▸ **How to complete this task**
Among the entries that follow, how many lines contain the word "Rigid"? Give the number alone.

▸ **The records**
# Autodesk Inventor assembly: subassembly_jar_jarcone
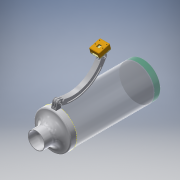
[picture p0: Inventor's stored thumbnail of the model, 180x180]
Saved by Autodesk Inventor 2019 (Build 230136000, 136)
## iProperties
Created: 2019-01-23
Part Number: subassembly_jar_jarcone
Document SubType Name: Assembly
Designer: jmc
Author: jmc
## Documents named in this file (3)
- C:\Users\l0086\Desktop\Models\CatFeeder\version4 (auger)\subassembly_jar_jarcone_gopro.iam
- C:\Users\l0086\Desktop\Models\CatFeeder\Jar\Jar.ipt
- C:\Users\l0086\Desktop\Models\CatFeeder\JarCone\version3\cone_gopro_assembly.iam
## Components (2 placed, 2 different names)
1. Jar:1 — Rigid:1
2. cone_gopro_assembly:1 [sub-assembly] — Rigid:1
## Relationships (1: WeldJoint 1)
- Rigid:1 [WeldJoint]: Jar:1 ↔ cone_gopro_assembly:1
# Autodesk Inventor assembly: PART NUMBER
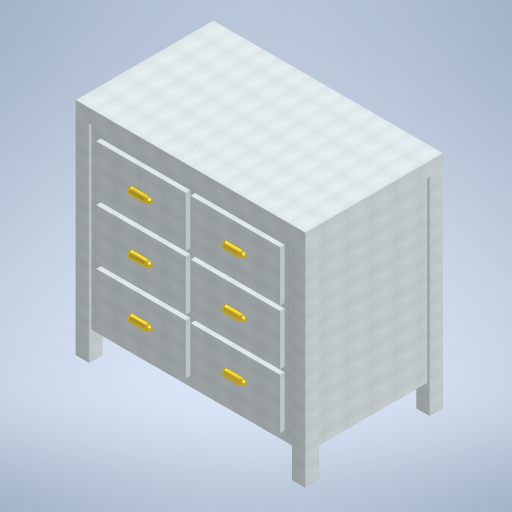
[picture p0: Inventor's stored thumbnail of the model, 512x512]
Saved by Autodesk Inventor 2023 (Build 270158000, 158)
## iProperties
Company: Jay's Dressers
RuleStatus: InUse
Created: 2021-10-04
Document SubType Name: Assembly
Designer: Admin
Part Number: PART NUMBER
Author: Admin
Title: Dresser Assembly
## Documents named in this file (4)
- C:\Users\Admin\source\repos\CadflairWebApplication\Inventor Files\Jays Dressers\Dresser Assembly\Dresser Assembly.iam
- C:\Users\Admin\source\repos\CadflairWebApplication\Inventor Files\Jays Dressers\Dresser Assembly\Dresser Frame.iam
- C:\Users\Admin\source\repos\CadflairWebApplication\Inventor Files\Jays Dressers\Dresser Assembly\Drawer\Drawer Assembly.iam
- C:\Users\Admin\source\repos\CadflairWebApplication\Inventor Files\Jays Dressers\Dresser Assembly\Dresser SKELETON.ipt
## Components (7 placed, 2 different names)
1. Dresser Frame:1 [sub-assembly] — Mate:1, Mate:2, Mate:3
2. Drawer Assembly:1 [sub-assembly] — Mate:1, Mate:2, Mate:3
3. Drawer Assembly:2 [sub-assembly]
4. Drawer Assembly:3 [sub-assembly]
5. Drawer Assembly:4 [sub-assembly]
6. Drawer Assembly:5 [sub-assembly]
7. Drawer Assembly:6 [sub-assembly]
## Component patterns: Drawer Pattern (6 elements)
## Relationships (3: Mate 3)
- Mate:1: Dresser Frame:1 ↔ Drawer Assembly:1
- Mate:2: Dresser Frame:1 ↔ Drawer Assembly:1
- Mate:3 (6.35 mm): Dresser Frame:1 ↔ Drawer Assembly:1
## Named parameters: drawerHeight = 228.6 mm, drawerVerticalOffset = 76.2 mm, drawerWidth = 444.5 mm, drawerHorizontalOffset = 76.2 mm, drawerRows = 3, drawerColumns = 2, rowSpacing = 304.8 mm, columnSpacing = 520.7 mm, rows = 3, columns = 2

▸ **Reply**
3